There is a different situation in the case of portfolios with in-sample expected return \(d_{3}=3\%\). The OS-portfolios incur highest losses comparable to those of their stocks only counterparts. What remarkable is their “best case” realisations, similarly to a right tail. While the worst case realisations are somewhat similar for S and OS-portfolios, the best case realisations are much better in the case of OS-portfolios (as a consequence, there is more variability in the realised returns). The OS-portfolios, which include index call options, can generate much higher returns than their stocks only counterparts.

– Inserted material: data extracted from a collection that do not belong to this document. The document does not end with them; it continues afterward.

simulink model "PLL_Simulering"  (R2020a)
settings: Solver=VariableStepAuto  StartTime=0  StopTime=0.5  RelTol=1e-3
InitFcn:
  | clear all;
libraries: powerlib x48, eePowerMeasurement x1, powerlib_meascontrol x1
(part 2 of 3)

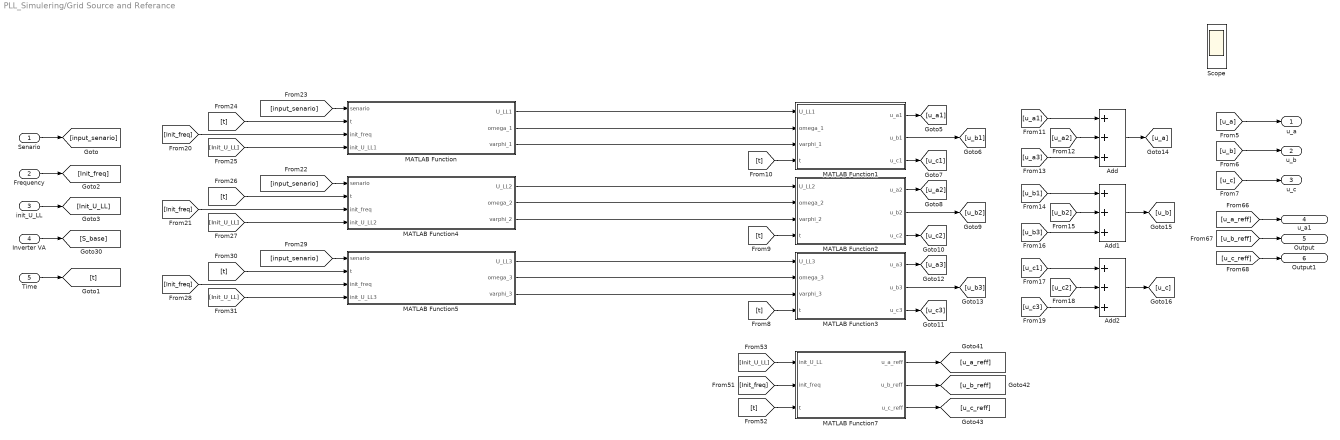
== system PLL_Simulering/Grid Source and Referance ==
  Senario : Inport
  Frequency : Inport  Port=2
  init_U_LL : Inport  Port=3
  Inverter VA : Inport  Port=4
  Time : Inport  Port=5
  Add : Sum  Inputs=+++
  Add1 : Sum  Inputs=+++
  Add2 : Sum  Inputs=+++
  MATLAB Function : MATLAB Function  TreatAsAtomicUnit=on
  MATLAB Function1 : MATLAB Function  TreatAsAtomicUnit=on
  MATLAB Function2 : MATLAB Function  TreatAsAtomicUnit=on
  MATLAB Function3 : MATLAB Function  TreatAsAtomicUnit=on
  MATLAB Function4 : MATLAB Function  TreatAsAtomicUnit=on
  MATLAB Function5 : MATLAB Function  TreatAsAtomicUnit=on
  MATLAB Function7 : MATLAB Function  TreatAsAtomicUnit=on
  Scope : Scope
  u_a : Outport
  u_b : Outport  Port=2
  u_c : Outport  Port=3
  u_a1 : Outport  Port=4
  Output : Outport  Port=5
  Output1 : Outport  Port=6
  wires:
  Senario/1 -> [input_senario]
  [u_a] -> u_a/1
  [u_c] -> u_c/1
  [u_b] -> u_b/1
  Frequency/1 -> [Init_freq]
  [t] -> MATLAB Function3/4(t)
  [t] -> MATLAB Function2/4(t)
  [t] -> MATLAB Function1/4(t)
  MATLAB Function/1(U_LL1) -> MATLAB Function1/1(U_LL1)
  MATLAB Function/2(omega_1) -> MATLAB Function1/2(omega_1)
  MATLAB Function/3(varphi_1) -> MATLAB Function1/3(varphi_1)
  init_U_LL/1 -> [Init_U_LL]
  MATLAB Function4/1(U_LL2) -> MATLAB Function2/1(U_LL2)
  MATLAB Function4/2(omega_2) -> MATLAB Function2/2(omega_2)
  MATLAB Function4/3(varphi_2) -> MATLAB Function2/3(varphi_2)
  MATLAB Function1/1(u_a1) -> [u_a1]
  MATLAB Function1/2(u_b1) -> [u_b1]
  MATLAB Function1/3(u_c1) -> [u_c1]
  MATLAB Function2/3(u_c2) -> [u_c2]
  MATLAB Function2/2(u_b2) -> [u_b2]
  MATLAB Function2/1(u_a2) -> [u_a2]
  MATLAB Function3/2(u_b3) -> [u_b3]
  MATLAB Function3/1(u_a3) -> [u_a3]
  MATLAB Function3/3(u_c3) -> [u_c3]
  [u_a1] -> Add/1
  [u_a2] -> Add/2
  [u_a3] -> Add/3
  [u_b2] -> Add1/2
  [u_b3] -> Add1/3
  [u_b1] -> Add1/1
  [u_c3] -> Add2/3
  [u_c1] -> Add2/1
  [u_c2] -> Add2/2
  Add/1 -> [u_a]
  Add1/1 -> [u_b]
  Add2/1 -> [u_c]
  [input_senario] -> MATLAB Function/1(senario)
  [t] -> MATLAB Function/2(t)
  [Init_U_LL] -> MATLAB Function/4(init_U_LL1)
  [Init_freq] -> MATLAB Function/3(init_freq)
  [Init_freq] -> MATLAB Function4/3(init_freq)
  [Init_U_LL] -> MATLAB Function4/4(init_U_LL2)
  [input_senario] -> MATLAB Function4/1(senario)
  [t] -> MATLAB Function4/2(t)
  [Init_U_LL] -> MATLAB Function5/4(init_U_LL3)
  [input_senario] -> MATLAB Function5/1(senario)
  [t] -> MATLAB Function5/2(t)
  [Init_freq] -> MATLAB Function5/3(init_freq)
  MATLAB Function5/3(varphi_3) -> MATLAB Function3/3(varphi_3)
  MATLAB Function5/2(omega_3) -> MATLAB Function3/2(omega_3)
  MATLAB Function5/1(U_LL3) -> MATLAB Function3/1(U_LL3)
  [t] -> MATLAB Function7/3(t)
  [Init_U_LL] -> MATLAB Function7/1(init_U_LL)
  [Init_freq] -> MATLAB Function7/2(init_freq)
  Inverter VA/1 -> [S_base]
  [u_a_reff] -> u_a1/1
  MATLAB Function7/1(u_a_reff) -> [u_a_reff]
  MATLAB Function7/2(u_b_reff) -> [u_b_reff]
  MATLAB Function7/3(u_c_reff) -> [u_c_reff]
  [u_b_reff] -> Output/1
  [u_c_reff] -> Output1/1
  Time/1 -> [t]

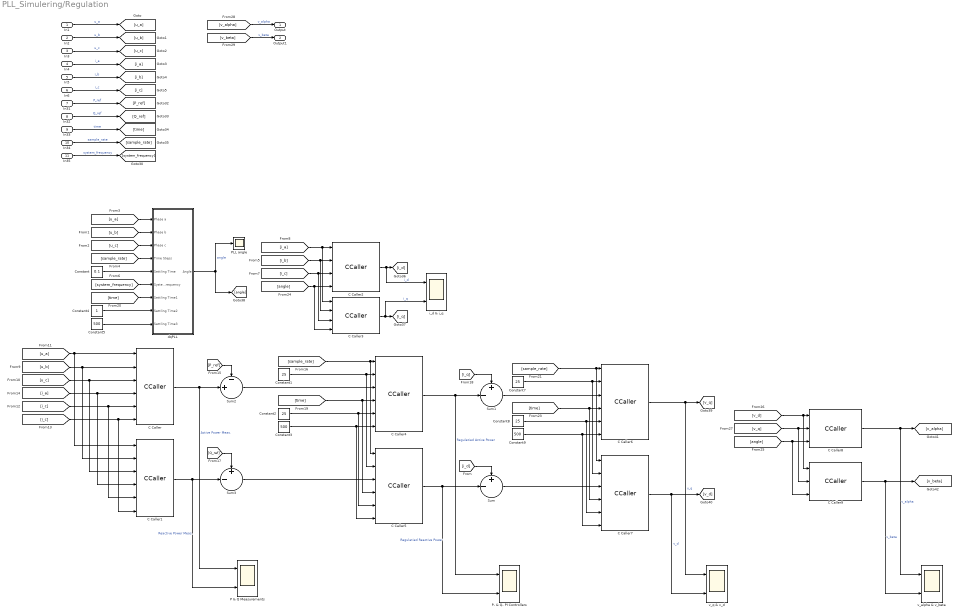
== system PLL_Simulering/Regulation ==
  In1 : Inport
  In2 : Inport  Port=2
  In3 : Inport  Port=3
  In4 : Inport  Port=4
  In5 : Inport  Port=5
  In6 : Inport  Port=6
  In31 : Inport  Port=7
  In32 : Inport  Port=8
  In33 : Inport  Port=9
  In34 : Inport  Port=10
  In35 : Inport  Port=11
  C Caller : CCaller  FunctionName=measure_P  PortSpecificationStruct="%)30     .    V L   8    (     @         %    \"     <    !     0         %  0 \"0    $    _    07)G3F%M90  4&]R=$YA;64 4V-O<&4     26YD97@     5'EP90      4VEZ90      27-';&]B86P   X    P    !@    @    $          4    (     0    ,    !         !   P!O=70 #@   #     &    \"     0         !0    @    !     P    $         $  # &]U=  .    .     8    (    !          %    \"     $    &     0         0   ...(+3703 chars)"
  C Caller1 : CCaller  FunctionName=measure_Q  PortSpecificationStruct="%)30     .    V L   8    (     @         %    \"     <    !     0         %  0 \"0    $    _    07)G3F%M90  4&]R=$YA;64 4V-O<&4     26YD97@     5'EP90      4VEZ90      27-';&]B86P   X    P    !@    @    $          4    (     0    ,    !         !   P!O=70 #@   #     &    \"     0         !0    @    !     P    $         $  # &]U=  .    .     8    (    !          %    \"     $    &     0         0   ...(+3703 chars)"
  C Caller2 : CCaller  FunctionName=Clarke_Park_d  PortSpecificationStruct="%)30     .    J @   8    (     @         %    \"     4    !     0         %  0 \"0    $    _    07)G3F%M90  4&]R=$YA;64 4V-O<&4     26YD97@     5'EP90      4VEZ90      27-';&]B86P   X    P    !@    @    $          4    (     0    ,    !         !   P!O=70 #@   #     &    \"     0         !0    @    !     P    $         $  # &]U=  .    .     8    (    !          %    \"     $    &     0         0   ...(+2601 chars)"
  C Caller3 : CCaller  FunctionName=Clarke_Park_q  PortSpecificationStruct="%)30     .    J @   8    (     @         %    \"     4    !     0         %  0 \"0    $    _    07)G3F%M90  4&]R=$YA;64 4V-O<&4     26YD97@     5'EP90      4VEZ90      27-';&]B86P   X    P    !@    @    $          4    (     0    ,    !         !   P!O=70 #@   #     &    \"     0         !0    @    !     P    $         $  # &]U=  .    .     8    (    !          %    \"     $    &     0         0   ...(+2601 chars)"
  C Caller4 : CCaller  FunctionName=PID_Type_1_1  PortSpecificationStruct="%)30     .    * P   8    (     @         %    \"     <    !     0         %  0 \"0    $    _    07)G3F%M90  4&]R=$YA;64 4V-O<&4     26YD97@     5'EP90      4VEZ90      27-';&]B86P   X    P    !@    @    $          4    (     0    ,    !         !   P!O=70 #@   #     &    \"     0         !0    @    !     P    $         $  # &]U=  .    .     8    (    !          %    \"     $    &     0         0   ...(+3810 chars)"
  C Caller5 : CCaller  FunctionName=PID_Type_1_2  PortSpecificationStruct="%)30     .    * P   8    (     @         %    \"     <    !     0         %  0 \"0    $    _    07)G3F%M90  4&]R=$YA;64 4V-O<&4     26YD97@     5'EP90      4VEZ90      27-';&]B86P   X    P    !@    @    $          4    (     0    ,    !         !   P!O=70 #@   #     &    \"     0         !0    @    !     P    $         $  # &]U=  .    .     8    (    !          %    \"     $    &     0         0   ...(+3810 chars)"
  C Caller6 : CCaller  FunctionName=PID_Type_1_3  PortSpecificationStruct="%)30     .    * P   8    (     @         %    \"     <    !     0         %  0 \"0    $    _    07)G3F%M90  4&]R=$YA;64 4V-O<&4     26YD97@     5'EP90      4VEZ90      27-';&]B86P   X    P    !@    @    $          4    (     0    ,    !         !   P!O=70 #@   #     &    \"     0         !0    @    !     P    $         $  # &]U=  .    .     8    (    !          %    \"     $    &     0         0   ...(+3810 chars)"
  C Caller7 : CCaller  FunctionName=PID_Type_1_4  PortSpecificationStruct="%)30     .    * P   8    (     @         %    \"     <    !     0         %  0 \"0    $    _    07)G3F%M90  4&]R=$YA;64 4V-O<&4     26YD97@     5'EP90      4VEZ90      27-';&]B86P   X    P    !@    @    $          4    (     0    ,    !         !   P!O=70 #@   #     &    \"     0         !0    @    !     P    $         $  # &]U=  .    .     8    (    !          %    \"     $    &     0         0   ...(+3810 chars)"
  C Caller8 : CCaller  FunctionName=Park_inv_alpha  PortSpecificationStruct="%)30     .    \" <   8    (     @         %    \"     0    !     0         %  0 \"0    $    _    07)G3F%M90  4&]R=$YA;64 4V-O<&4     26YD97@     5'EP90      4VEZ90      27-';&]B86P   X    P    !@    @    $          4    (     0    ,    !         !   P!O=70 #@   #     &    \"     0         !0    @    !     P    $         $  # &]U=  .    .     8    (    !          %    \"     $    &     0         0  ...(+2044 chars)"
  C Caller9 : CCaller  FunctionName=Park_inv_beta  PortSpecificationStruct="%)30     .    \" <   8    (     @         %    \"     0    !     0         %  0 \"0    $    _    07)G3F%M90  4&]R=$YA;64 4V-O<&4     26YD97@     5'EP90      4VEZ90      27-';&]B86P   X    P    !@    @    $          4    (     0    ,    !         !   P!O=70 #@   #     &    \"     0         !0    @    !     P    $         $  # &]U=  .    .     8    (    !          %    \"     $    &     0         0  ...(+2044 chars)"
  Constant : Constant  Value=0.1
  Constant{1..2,7..8} (4 alike) : Constant  Value=25
  Constant3 : Constant  Value=500
  Constant4 : Constant
  Constant5 : Constant  Value=500
  Constant9 : Constant  Value=500
  P & Q Measurements : Scope  NumInputPorts=2
  P- & Q- PI Controllers : Scope  NumInputPorts=2
  PLL angle : Scope
  Sum : Sum  Inputs=+-|
  Sum1 : Sum  Inputs=+-|
  Sum2 : Sum  Inputs=-+|
  Sum3 : Sum  Inputs=+-|
  dqPLL : Subsystem
  i_d & i_q : Scope  NumInputPorts=2
  v_alpha & v_beta : Scope  NumInputPorts=2
  v_q & v_d : Scope  NumInputPorts=2
  Output : Outport
  Output1 : Outport  Port=2
  wires:
  In1/1 -> [u_a]  "u_a"
  In2/1 -> [u_b]  "u_b"
  In3/1 -> [u_c]  "u_c"
  In4/1 -> [i_a]  "i_a"
  In5/1 -> [i_b]  "i_b"
  In6/1 -> [i_c]  "i_c"
  In33/1 -> [time]  "time"
  In31/1 -> [P_ref]  "P_ref"
  In35/1 -> [system_frequency]  "system_frequency"
  In34/1 -> [sample_rate]  "sample_rate"
  In32/1 -> [Q_ref]  "Q_ref"
  [u_a] -> dqPLL/1(Phase a)
  [u_b] -> dqPLL/2(Phase b)
  [u_c] -> dqPLL/3(Phase c)
  Constant/1 -> dqPLL/5(Settling Time)
  [system_frequency] -> dqPLL/6(System Frequency)
  [sample_rate] -> dqPLL/4(Time Steps)
  [i_a] -> C Caller3/1, C Caller2/1
  [i_b] -> C Caller3/2, C Caller2/2
  [i_c] -> C Caller3/3, C Caller2/3
  [u_a] -> C Caller1/1, C Caller/1
  [u_b] -> C Caller1/2, C Caller/2
  [u_c] -> C Caller/3, C Caller1/3
  [i_a] -> C Caller1/4, C Caller/4
  [i_c] -> C Caller/5, C Caller1/5
  [i_c] -> C Caller1/6, C Caller/6
  [sample_rate] -> C Caller5/1, C Caller4/1
  Constant1/1 -> C Caller5/2, C Caller4/2
  C Caller/1 -> Sum2/2, P & Q Measurements/1  "Active Power Meas."
  [time] -> C Caller5/4, C Caller4/4
  Constant2/1 -> C Caller5/5, C Caller4/5
  Constant3/1 -> C Caller5/6, C Caller4/6
  C Caller1/1 -> Sum3/2, P & Q Measurements/2  "Reactive Power Meas."
  C Caller5/1 -> P- & Q- PI Controllers/2, Sum/2  "Regulatied Reactive Power"
  C Caller2/1 -> i_d & i_q/1, [i_d]  "i_d"
  C Caller3/1 -> i_d & i_q/2, [i_q]  "i_q"
  [i_d] -> Sum/1
  [i_q] -> Sum1/1
  C Caller4/1 -> P- & Q- PI Controllers/1, Sum1/2  "Regulatied Active Power"
  [sample_rate] -> C Caller7/1, C Caller6/1
  Sum1/1 -> C Caller6/3
  Constant8/1 -> C Caller7/5, C Caller6/5
  Constant9/1 -> C Caller7/6, C Caller6/6
  [time] -> C Caller7/4, C Caller6/4
  Sum/1 -> C Caller7/3
  Constant7/1 -> C Caller7/2, C Caller6/2
  dqPLL/1(Angle) -> [angle], PLL angle/1  "angle"
  [angle] -> C Caller3/4, C Caller2/4
  C Caller6/1 -> v_q & v_d/1, [v_q]  "v_q"
  C Caller7/1 -> v_q & v_d/2, [v_d]  "v_d"
  [v_d] -> C Caller9/1, C Caller8/1
  [v_q] -> C Caller9/2, C Caller8/2
  [angle] -> C Caller9/3, C Caller8/3
  C Caller8/1 -> v_alpha & v_beta/1, [v_alpha]  "v_alpha"
  C Caller9/1 -> v_alpha & v_beta/2, [v_beta]  "v_beta"
  [v_alpha] -> Output/1  "v_alpha"
  [v_beta] -> Output1/1  "v_beta"
  Sum2/1 -> C Caller4/3
  [P_ref] -> Sum2/1
  [Q_ref] -> Sum3/1
  Sum3/1 -> C Caller5/3
  [time] -> dqPLL/7(Settling Time1)
  Constant4/1 -> dqPLL/8(Settling Time2)
  Constant5/1 -> dqPLL/9(Settling Time3)

6 Conclusions and further work

We have presented a framework for introducing index options, in addition to stocks, in scenario based mean-risk models. Our numerical results indicate that index options can be used to substantially improve the risk-return trade-off, especially when risk is quantified by a tail measure such as CVaR; in this case, the proportion of index options in the portfolios is higher than in the case when risk is measured by variance. The way index options are selected and their effect on the portfolio return distribution depends on the (in-sample) expected portfolio return.

Portfolios in “low risk-low return” or “medium risk-medium return” areas of the efficient frontier have index put options in their composition. The addition of the put acts as a safety net, as it substantially reduces worst case scenario losses. The stocks-only portfolios have a return distribution that is positively correlated with the return distribution of the index; by introducing put options, we obtain portfolios very different in composition, whose return distributions are uncorrelated with index (in the case of mean-CVaR portfolios) or with low correlation with the index (in case of mean-variance portfolios). Hence, when the index falls in price—and when stocks only portfolios incur losses to some extent—put options help in curtailing this loss without reducing much the upside potential.

Portfolios in the “high risk-high return” area of the efficient frontier have index call options in their composition. In-sample, the risk (either measured by CVaR or by variance) is reduced in comparison to the risk of their stocks only counterparts, but only marginally; while, in contrast, the inclusion of put option in less aggressive portfolios can dramatically reduce the risk. The new portfolios have return distributions that are even more correlated with the index, as compared to the stocks only portfolios. In-sample summary of risk-return characteristics would indicate in a first instance that, with the addition of index call options, there is only a marginal improvement. However, a more detailed analysis of return distribution show that, while there might not be a substantial improvement in the left tail, there is a substantial improvement in the right tail: by considering the call options, in addition to stocks, much higher returns can be achieved, as compared to stocks only portfolios or the index itself. These observations are consistent with the backtesting results.

For further research, we consider the idea of generalizing this approach beyond the use of maturing options, using known deltas of options.